At present, only two recently approved antibiotics—ceftaroline and telavancin—show promise to some extent, says Gerald A Capraro, medical director at Louisiana State University Health Sciences Center in the US. Ceftaroline belongs to fifth generation of cephalosporin class of antibiotics. It has been found effective in treating community-acquired pneumonia and some skin infections. Telavancin also treats some skin infections. “Neither attacks novel bacterial targets. They attack the cell wall synthesis pathway in a slightly more effective fashion,” Capraro explains.

In absence of new molecules, industry has also started experimenting with snuffs and ointments from the existing molecules.

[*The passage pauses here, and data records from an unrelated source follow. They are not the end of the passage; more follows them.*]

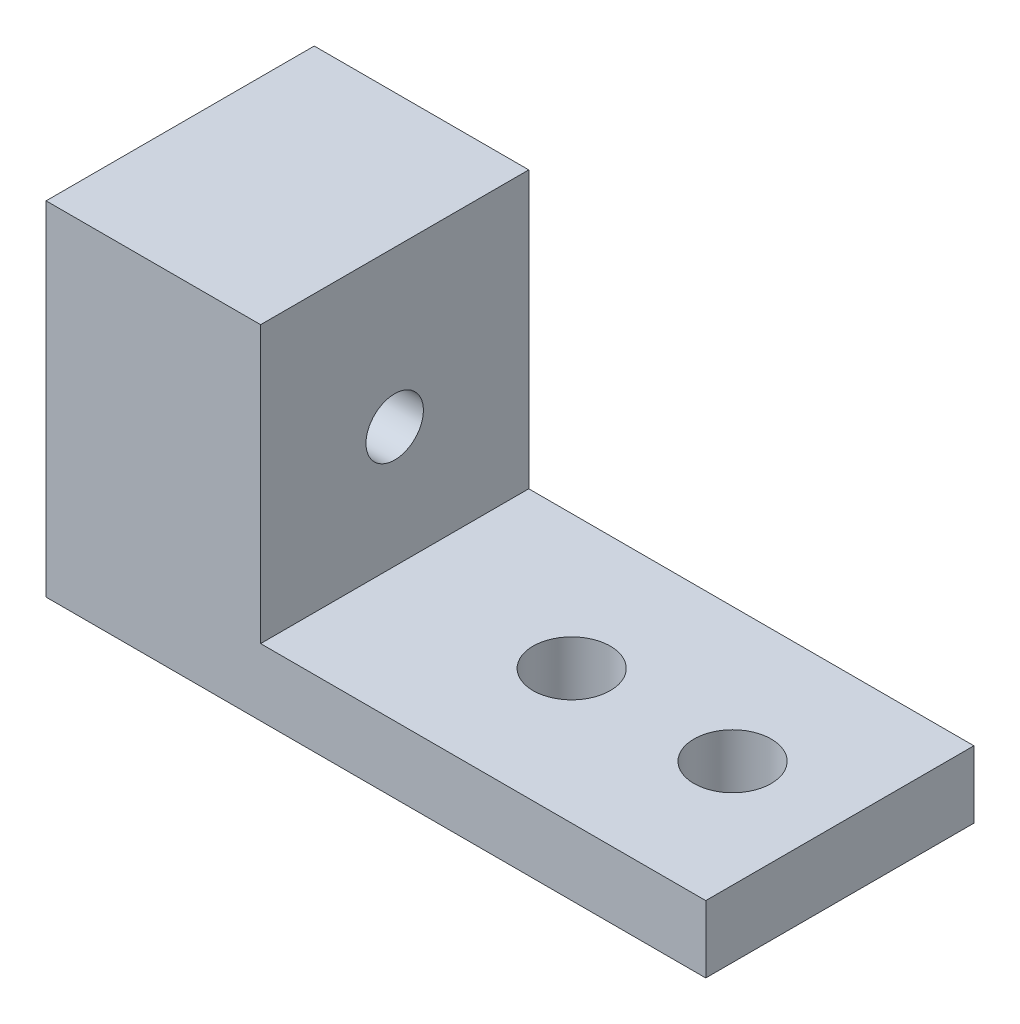
SolidWorks part; units mm, degrees
material "Plain Carbon Steel"
ref_plane "Front Plane" through (0, 0, 0) normal (0, 0, 1) x (1, 0, 0)
ref_plane "Top Plane" through (0, 0, 0) normal (0, 1, 0) x (1, 0, 0)
ref_plane "Right Plane" through (0, 0, 0) normal (1, 0, 0) x (0, 0, -1)
sketch "Sketch1" plane through (0, 0, 0) normal (0, 0, 1) x (1, 0, 0)
  line L0 (0, 0) -> (0, 16.256)
  line L1 (0, 16.256) -> (10.16, 16.256)
  line L2 (10.16, 16.256) -> (10.16, 3.175)
  line L3 (10.16, 3.175) -> (31.242, 3.175)
  line L4 (31.242, 3.175) -> (31.242, 0)
  line L5 (31.242, 0) -> (0, 0)
  dimension "D1" = 10.16
  dimension "D2" = 3.175
  dimension "D4" = 16.256
  dimension "D3" = 21.082
extrude "Boss-Extrude1" add sketch "Sketch1" against normal mid plane 12.7
sketch "Sketch2" plane through (0, 0, 0) normal (-1, 0, 0) x (0, 0, 1)
  circle A0 centre (0, 8.89) radius 1.3589
  dimension "D1" = 2.7178
  dimension "D2" = 8.89
extrude "Cut-Extrude1" cut sketch "Sketch2" against normal up to next
sketch "Sketch3" plane through (0, 0, 0) normal (0, -1, 0) x (1, 0, 0)
  circle A0 centre (18.542, 0) radius 1.8288
  dimension "D1" = 3.6576
  dimension "D2" = 8.382
extrude "Cut-Extrude2" cut sketch "Sketch3" against normal up to next
pattern_linear "LPattern1" count 2 spacing 7.62 along (1, 0, 0) of "Cut-Extrude2"
equation "\"D2@Sketch1\"=1/8"
equation "\"Middle Coupler Inner Daimeter\"= 3.875in"
equation "\"Middle Coupler  Wall Thickness\" = 0.25in"
equation "\"Middle Coupler Bottom Thickness\"= 0.2in"
equation "\"Bearing Rail Offset\"= 0.45in"
equation "\"3-56 UNF Tap\"= 0.089in"
equation "\"3-48 Tap\"= 0.079in"
equation "\"3-56 UNF Clearance\"= 0.104in"
equation "\"3-48 Clearance\" = 0.104in"
equation "\"Ball Bearing Distance\"= 0.03in"
equation "\"TCA Outer Diameter\" = 6in"
equation "\"Interstage Aeroframe Wall Thickness\" = 0.072in"
equation "\"Compression Spring OD\"= 0.42in"
equation "\"10-24 Tap\"= 0.157in"
equation "\"10-24 Clearance\"= 0.196in"
equation "\"Lower Stage Fuselage Wall Thickness\" = 0.25in"
equation "\"6-32 Tap\" = 0.107in"
equation "\"6-32 Clearance\" = 0.144"
equation "\"1/4-20 Tap\" = 0.201in"
equation "\"12-24 Tap\" = 0.177in"
equation "\"12-24 Major Diameter\"= 0.216in"
equation "\"D1@Sketch2\"=\"6-32 Tap\""
equation "\"D1@Sketch3\"=\"6-32 Clearance\""
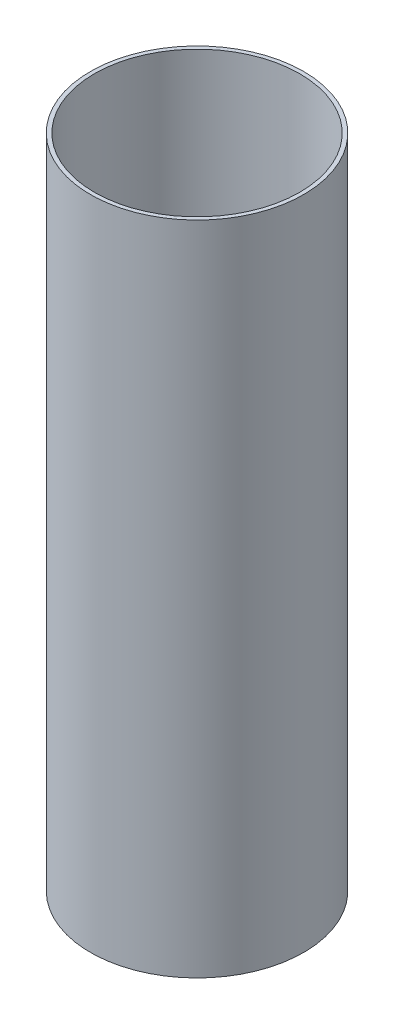
SolidWorks part; units mm, degrees
ref_plane "Front Plane" through (0, 0, 0) normal (0, 0, 1) x (1, 0, 0)
ref_plane "Top Plane" through (0, 0, 0) normal (0, 1, 0) x (1, 0, 0)
ref_plane "Right Plane" through (0, 0, 0) normal (1, 0, 0) x (0, 0, -1)
sketch "Sketch1" plane through (0, 0, 0) normal (0, 1, 0) x (1, 0, 0)
  circle A0 centre (0, 0) radius 49.5173
  circle A1 centre (0, 0) radius 47.6885
  dimension "D1" = 99.0346
  dimension "D2" = 95.377
extrude "Boss-Extrude1" add sketch "Sketch1" along normal blind 304.8
equation "\"Coupler_OD\" = 3.899in"
equation "\"Coupler_ID\" = 3.755in"
equation "\"Mid_Coupler_Length\" = 12in"
equation "\"D1@Sketch1\"=\"Coupler_OD\""
equation "\"D2@Sketch1\"=\"Coupler_ID\""
equation "\"D1@Boss-Extrude1\"=\"Mid_Coupler_Length\""
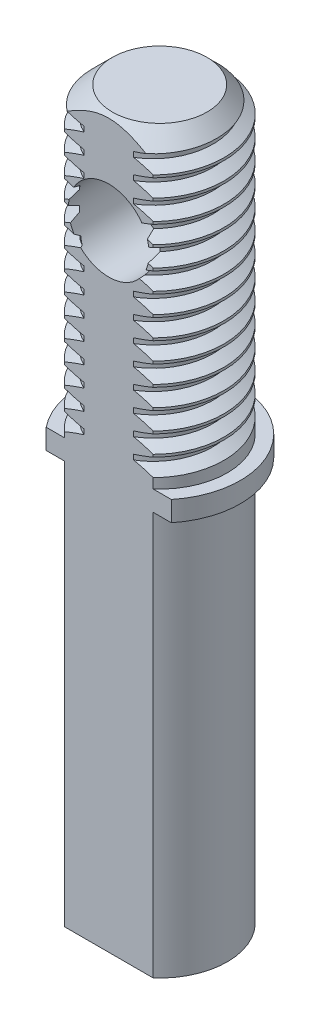
SolidWorks part; units mm, degrees
ref_plane "Спереди" through (0, 0, 0) normal (0, 0, 1) x (1, 0, 0)
ref_plane "Сверху" through (0, 0, 0) normal (0, 1, 0) x (1, 0, 0)
ref_plane "Справа" through (0, 0, 0) normal (1, 0, 0) x (0, 0, -1)
sketch "Эскиз1" plane through (0, 0, 0) normal (0, 1, 0) x (1, 0, 0)
  circle A0 centre (0, 0) radius 3.35
  dimension "D1" = 6.7
extrude "Бобышка-Вытянуть1" add sketch "Эскиз1" along normal blind 15
chamfer "Фаска1" distance 1 angle 45 1 edges at (0, 15, 3.35)
thread "Резьба1" pitch 1 method cut profile "Профиль резьбы1" start angle 0, offset 1, length 14, pitch 1, diameter 6.7
ref_plane "Плоскость4" through (-3.35, 15, 0) normal (0, 0, 1) x (-1, 0, 0)
sketch "Профиль резьбы1" plane through (-3.35, 15, 0) normal (0, 0, 1) x (-1, 0, 0)
  line L0 (0, 0) -> (0, 1) construction
  line L11 (0, 0) -> (0, 0.875)
  line L12 (0, 0.875) -> (-0.5413, 0.5625)
  line L13 (-0.5413, 0.5625) -> (-0.5413, 0.3125)
  line L15 (-0.5413, 0.3125) -> (0, 0)
  line L17 (-0.5413, 0.4375) -> (0, 0.4375) construction
  point P2 (0, 0)
  dimension "Pitch" = 1
  dimension "Profile_Angle" = 60
  dimension "Profile_Land" = 0.25
  dimension "Profile_Height" = 0.5413
sketch "Эскиз5" plane through (0, 0, 0) normal (0, -1, 0) x (1, 0, 0)
  circle A0 centre (0, 0) radius 4
  dimension "D1" = 8
extrude "Бобышка-Вытянуть2" add sketch "Эскиз5" along normal blind 1
sketch "Эскиз6" plane through (0, -1, 0) normal (0, -1, 0) x (1, 0, 0)
  circle A0 centre (0, 0) radius 3.35
  dimension "D1" = 6.7
extrude "Бобышка-Вытянуть3" add sketch "Эскиз6" along normal blind 20
sketch "Эскиз7" plane through (0, 0, 0) normal (0, 0, 1) x (1, 0, 0)
  line L0 (0, 18.4895) -> (0, -5.1776) construction
  line L1 (2.35, 15) -> (-2.35, 15) construction
  circle A0 centre (0, 10) radius 2
  dimension "D1" = 4
  dimension "D2" = 5
extrude "Вырез-Вытянуть1" cut sketch "Эскиз7" against normal through all both and the other way through all
sketch "Эскиз8" plane through (0, -21, 0) normal (0, -1, 0) x (1, 0, 0)
  line L1 (-3.3746, 4.0257) -> (3.6612, 4.0257)
  line L2 (-3.3746, 4.0257) -> (-3.3746, 2.5257)
  line L3 (-3.3746, 2.5257) -> (3.6612, 2.5257)
  line L4 (3.6612, 4.0257) -> (3.6612, 2.5257)
  dimension "D1" = 1.5
extrude "Вырез-Вытянуть2" cut sketch "Эскиз8" against normal through all
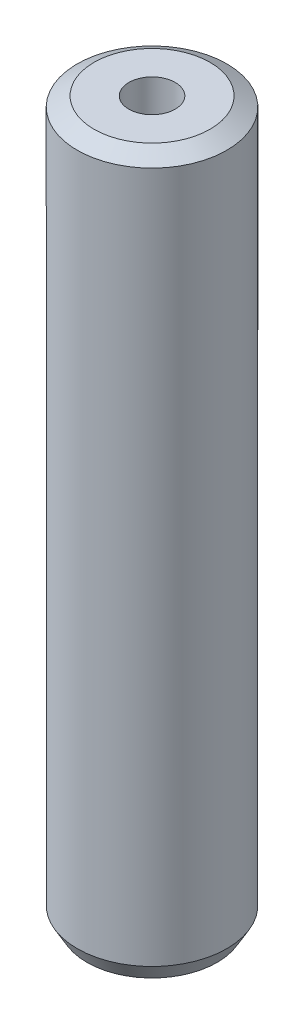
SolidWorks part; units mm, degrees
ref_plane "Front Plane" through (0, 0, 0) normal (0, 0, 1) x (1, 0, 0)
ref_plane "Top Plane" through (0, 0, 0) normal (0, 1, 0) x (1, 0, 0)
ref_plane "Right Plane" through (0, 0, 0) normal (1, 0, 0) x (0, 0, -1)
sketch "Sketch1" plane through (0, 0, 0) normal (0, 1, 0) x (1, 0, 0)
  circle A0 centre (0, 0) radius 37.5
  dimension "SHAFT_OD" = 75
extrude "Boss-Extrude1" add sketch "Sketch1" along normal blind 359.79
sketch "Sketch2" plane through (0, 0, 0) normal (0, 1, 0) x (1, 0, 0)
  circle A0 centre (0, 0) radius 11.619
  dimension "BORE_D" = 23.238
extrude "Cut-Extrude1" cut sketch "Sketch2" along normal through all
chamfer "Chamfer1" distance 4.8751 angle 60 2 edges at (0, 359.79, 37.5) (0, 0, 37.5) first distance on face at (0, 359.79, 37.5) first distance on face at (0, 0, 11.619)
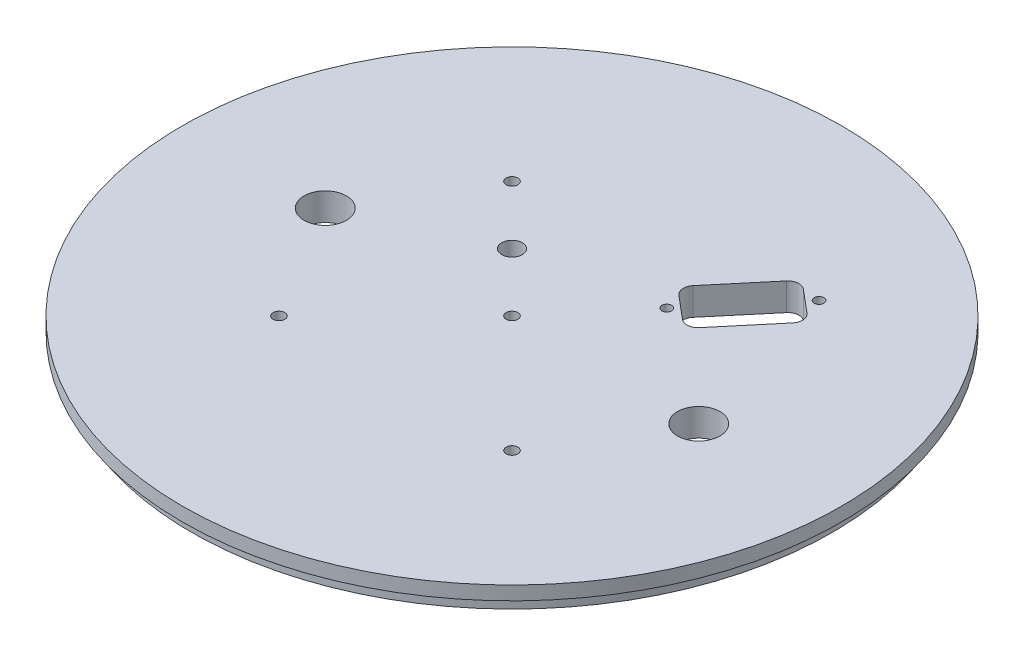
SolidWorks part; units mm, degrees
material "6061-T6 (SS)"
ref_plane "Front Plane" through (0, 0, 0) normal (0, 0, 1) x (1, 0, 0)
ref_plane "Top Plane" through (0, 0, 0) normal (0, 1, 0) x (1, 0, 0)
ref_plane "Right Plane" through (0, 0, 0) normal (1, 0, 0) x (0, 0, -1)
sketch "Sketch1" plane through (0, 0, 0) normal (0, 1, 0) x (1, 0, 0)
  line L0 (0, -76.2) -> (0, 76.2) construction
  line L1 (-76.2, 0) -> (76.2, 0) construction
  line L2 (-26.9408, 26.9408) -> (0, 0) construction
  line L3 (0, 56.7387) -> (0, 29.6936) construction
  line L4 (3.6407, 56.7387) -> (3.6407, 29.6936) construction
  line L5 (-3.6407, 56.7387) -> (-3.6407, 29.6936) construction
  line L6 (0, -56.7387) -> (0, -29.6936) construction
  line L7 (3.6407, -56.7387) -> (3.6407, -29.6936) construction
  line L8 (-3.6407, -56.7387) -> (-3.6407, -29.6936) construction
  line L9 (-53.8815, -53.8815) -> (54.3236, 54.3236) construction
  line L10 (-26.9408, -26.9408) -> (0, 0) construction
  circle A0 centre (0, 0) radius 76.2
  circle A1 centre (0, 0) radius 3.175 construction
  circle A2 centre (43.18, 0) radius 4.9022
  circle A3 centre (-43.18, 0) radius 4.9022
  circle A4 centre (-26.9408, 26.9408) radius 1.3589
  arc A6 (3.6407, 56.7387) -> (-3.6407, 56.7387) centre (0, 56.7387) ccw construction
  arc A7 (-3.6407, 29.6936) -> (3.6407, 29.6936) centre (0, 29.6936) ccw construction
  arc A8 (3.6407, -56.7387) -> (-3.6407, -56.7387) centre (0, -56.7387) cw construction
  arc A9 (-3.6407, -29.6936) -> (3.6407, -29.6936) centre (0, -29.6936) cw construction
  circle A10 centre (26.9408, -26.9408) radius 1.3589
  circle A11 centre (-13.4704, 13.4704) radius 2.3813
  circle A13 centre (-26.9408, -26.9408) radius 1.3589
  circle A14 centre (0, 0) radius 38.1 construction
  circle A15 centre (0, 0) radius 1.3589
  point P16 (0, 43.2162)
  point P19 (0, 0)
  point P26 (0, -43.2162)
  dimension "D1" = 152.4
  dimension "D2" = 6.35
  dimension "D3" = 9.8044
  dimension "D5" = 2.7178
  dimension "D8" = 4.7625
  dimension "D10" = 2.7178
  dimension "D12" = 2.7178
  dimension "D6" = 38.1
  dimension "D7" = 45
  dimension "D4" = 45
  dimension "D9" = 43.18
  dimension "D11" = 38.1
extrude "Boss-Extrude1" add sketch "Sketch1" along normal blind 6.35
sketch "Sketch2" plane through (0, 0, 0) normal (0, -1, 0) x (1, 0, 0)
  circle A0 centre (0, 0) radius 76.2
  circle A1 centre (0, 0) radius 74.041
  dimension "D1" = 152.4
  dimension "D2" = 148.082
extrude "Cut-Extrude1" cut sketch "Sketch2" against normal blind 3.175
sketch "Sketch3" plane through (0, 6.35, 0) normal (0, 1, 0) x (1, 0, 0)
  line L0 (0, 76.2) -> (0, -76.2) construction
  line L1 (-76.2, 0) -> (76.2, 0) construction
  line L2 (0, 34.798) -> (0, 13.97) construction
  line L3 (3.2385, 34.798) -> (3.2385, 13.97)
  line L4 (-3.2385, 34.798) -> (-3.2385, 13.97)
  line L5 (0, -34.798) -> (0, -13.97) construction
  line L6 (3.2385, -34.798) -> (3.2385, -13.97)
  line L7 (-3.2385, -34.798) -> (-3.2385, -13.97)
  circle A0 centre (0, 0) radius 76.2 construction
  arc A1 (3.2385, 34.798) -> (-3.2385, 34.798) centre (0, 34.798) ccw
  arc A2 (-3.2385, 13.97) -> (3.2385, 13.97) centre (0, 13.97) ccw
  arc A3 (3.2385, -34.798) -> (-3.2385, -34.798) centre (0, -34.798) cw
  arc A4 (-3.2385, -13.97) -> (3.2385, -13.97) centre (0, -13.97) cw
  point P7 (0, 13.97)
  point P8 (0, 34.798)
  point P12 (0, 24.384)
  point P20 (0, -24.384)
  point P25 (0, -34.798)
  point P26 (0, -13.97)
  dimension "D1" = 13.97
  dimension "D2" = 20.828
  dimension "D3" = 6.477
extrude "Cut-Extrude2" cut sketch "Sketch3" against normal blind 3.556 from offset 3.175 offset against normal yes
hole_wizard "Tap Drill for #4-40 Tap1" positions "Sketch5" profile "Sketch6" hole size "#4-40" standard "ANSI Inch" end condition through all
sketch "Sketch5" plane through (0, 6.35, 0) normal (0, 1, 0) x (1, 0, 0)
  line L0 (0, 0) -> (53.6567, 63.9455) construction
  line L2 (0, 0) -> (43.18, 0) construction
  point P0 (16.3268, 19.4575)
  point P2 (32.3965, 38.6086)
  dimension "D1" = 50
  dimension "D2" = 25
  dimension "D3" = 25.4
sketch "Sketch6" plane through (16.3268, 6.35, -19.4575) normal (1, 0, 0) x (0, 0, 1)
  line L0 (0, 0) -> (0, 6.35)
  line L1 (0, 6.35) -> (1.1303, 6.35)
  line L2 (1.1303, 6.35) -> (1.1303, 0)
  line L5 (1.1303, 0) -> (0, 0)
  line L11 (0, -6.35) -> (0, 107.95) construction
  dimension "Thru Hole Dia." = 2.2606
  dimension "Thru Hole Depth" = 6.35
sketch "Sketch4" plane through (0, 6.35, 0) normal (0, 1, 0) x (1, 0, 0)
  line L0 (15.1695, 23.4128) -> (20.423, 19.0046)
  line L1 (14.8564, 26.9913) -> (24.7219, 38.7485)
  line L2 (24.0014, 19.3177) -> (33.8669, 31.0749)
  line L3 (28.3003, 39.0616) -> (33.5538, 34.6533)
  line L4 (0, 0) -> (32.3965, 38.6086) construction
  circle A1 centre (16.3268, 19.4575) radius 1.1303 construction
  arc A2 (24.7219, 38.7485) -> (28.3003, 39.0616) centre (26.6676, 37.1158) cw
  arc A3 (33.8669, 31.0749) -> (33.5538, 34.6533) centre (31.9212, 32.7076) ccw
  arc A4 (20.423, 19.0046) -> (24.0014, 19.3177) centre (22.0557, 20.9503) ccw
  arc A5 (14.8564, 26.9913) -> (15.1695, 23.4128) centre (16.8021, 25.3586) ccw
  point P11 (17.7962, 21.2087)
  dimension "D4" = 2.54
  dimension "D1" = 2.286
  dimension "D2" = 2.286
  dimension "D3" = 11.938
extrude "Cut-Extrude3" cut sketch "Sketch4" against normal through all
equation "\"leadDist\"=1.5"
equation "\"Lead_Screw_Dist\" = 3.4in"
equation "\"D9@Sketch1\"=\"Lead_Screw_Dist\"/2"
equation "\"Lead_Screw_Diam\" = 0.386in"
equation "\"D3@Sketch1\"=\"Lead_Screw_Diam\""
equation "\"Bodytube_OD\" = 6.17in"
equation "\"Bodytube_ID\" = 5.998in"
equation "\"Motor_OD\" = 4in"
equation "\"Fwd_Tube_Length\" = 40in"
equation "\"Mid_Tube_Length\" = 1in"
equation "\"Aft_Section_Length\"= 39in"
equation "\"AB_Coupler_OD_Length\"= 1in"
equation "\"AB_Coupling_Section_Length\"= 0.375in"
equation "\"AB_Coupler_Length\"= \"AB_Coupler_OD_Length\" + \"AB_Coupling_Section_Length\" * 2"
equation "\"Cutout_Angle\" = 80"
equation "\"AB_Paddle_Height\" = 0.375in"
equation "\"AB_Coupler_Num_Screws\"= 4"
equation "\"Num_Cutouts\" = 3"
equation "\"AB_Coupler_OD\"= 6.17in"
equation "\"AB_Coupler_ID\"= 5.75in"
equation "\"AB_Coupler_Surface_Diameter\"= 5.998in"
equation "\"AB_Coupling_Screw_Diameter\"= 0.15748in"
equation "\"AB_Central_Bushing_Length\" = .4724in"
equation "\"Lead_Screw_Length\" = (\"Mid_Coupler_Length\" + 2*0.375in + 2*0.5in)"
equation "\"Paddle_Pin_Offset\" = .25in"
equation "\"Paddle_Pin_Radius\" = 2.25in"
equation "\"SS_Paddle_Pin_Radius\" = 2.25*0.66in"
equation "\"Paddle_Gear_OD\" = 3.2in"
equation "\"Drive_Gear_OD\" = 1.7in"
equation "\"Fwd_BKHD_From_Top\" = 18in"
equation "\"Fin_Thickness\"= .118in"
equation "\"Guiderail_Cutout_Diameter\"= 1.5in"
equation "\"DB9_Hole_Dist\" = 25mm"
equation "\"Airbrakes_Wire_Hole_Dia\" = .25in"
equation "\"Airbrakes_Wire_Hole_Dist\" = 1.1in"
equation "\"Servo_Gear_Offset\" = 0.5in"
equation "\"Mid_Coupler_Length\" = 13in"
equation "\"D2@Sketch5\"=\"DB9_Hole_Dist\""
equation "\"DB9_Relief_Width\" = 0.47in"
equation "\"DB9_Relief_Hole_Offset\" = 0.09in"
equation "\"D1@Sketch4\"=\"DB9_Relief_Hole_Offset\""
equation "\"D2@Sketch4\"=\"DB9_Relief_Hole_Offset\""
equation "\"D3@Sketch4\"=\"DB9_Relief_Width\""

Pharmaceutical companies are losing interest in developing antibiotics because of poor investment returns. “In the US, the regulatory environment has had a chilling effect on new discovery and development,” says Brad Spellberg, associate professor at the University of California, Los Angeles. With the US Food and Drug Administration (FDA) approving very few drugs in the recent years, companies prefer not to develop them. Data with the Infectious Diseases Society of America indicates that FDA approved only seven drugs between 2002 and 2011.

One way to promote research would be to hand over manufacture and sale of drugs to the government after it is discovered, says Raman Sardana, secretary, Hospital Infection Society India. “This will check aggressive promotion of drugs by pharma companies. Government can compensate them for research,” he says. But such methods adopted in the past have failed to promote research on drugs for neglected diseases like kala azar, malaria and tuberculosis.

Eighty per cent of problem of overuse of antibiotics can be taken care of by efforts towards their rational use, say doctors. A model was set in Gadchiroli, says Bang. “We have been using co-trimoxazole for the past 30 years to treat neonatal pneumonia in Gadchiroli without drug resistance.”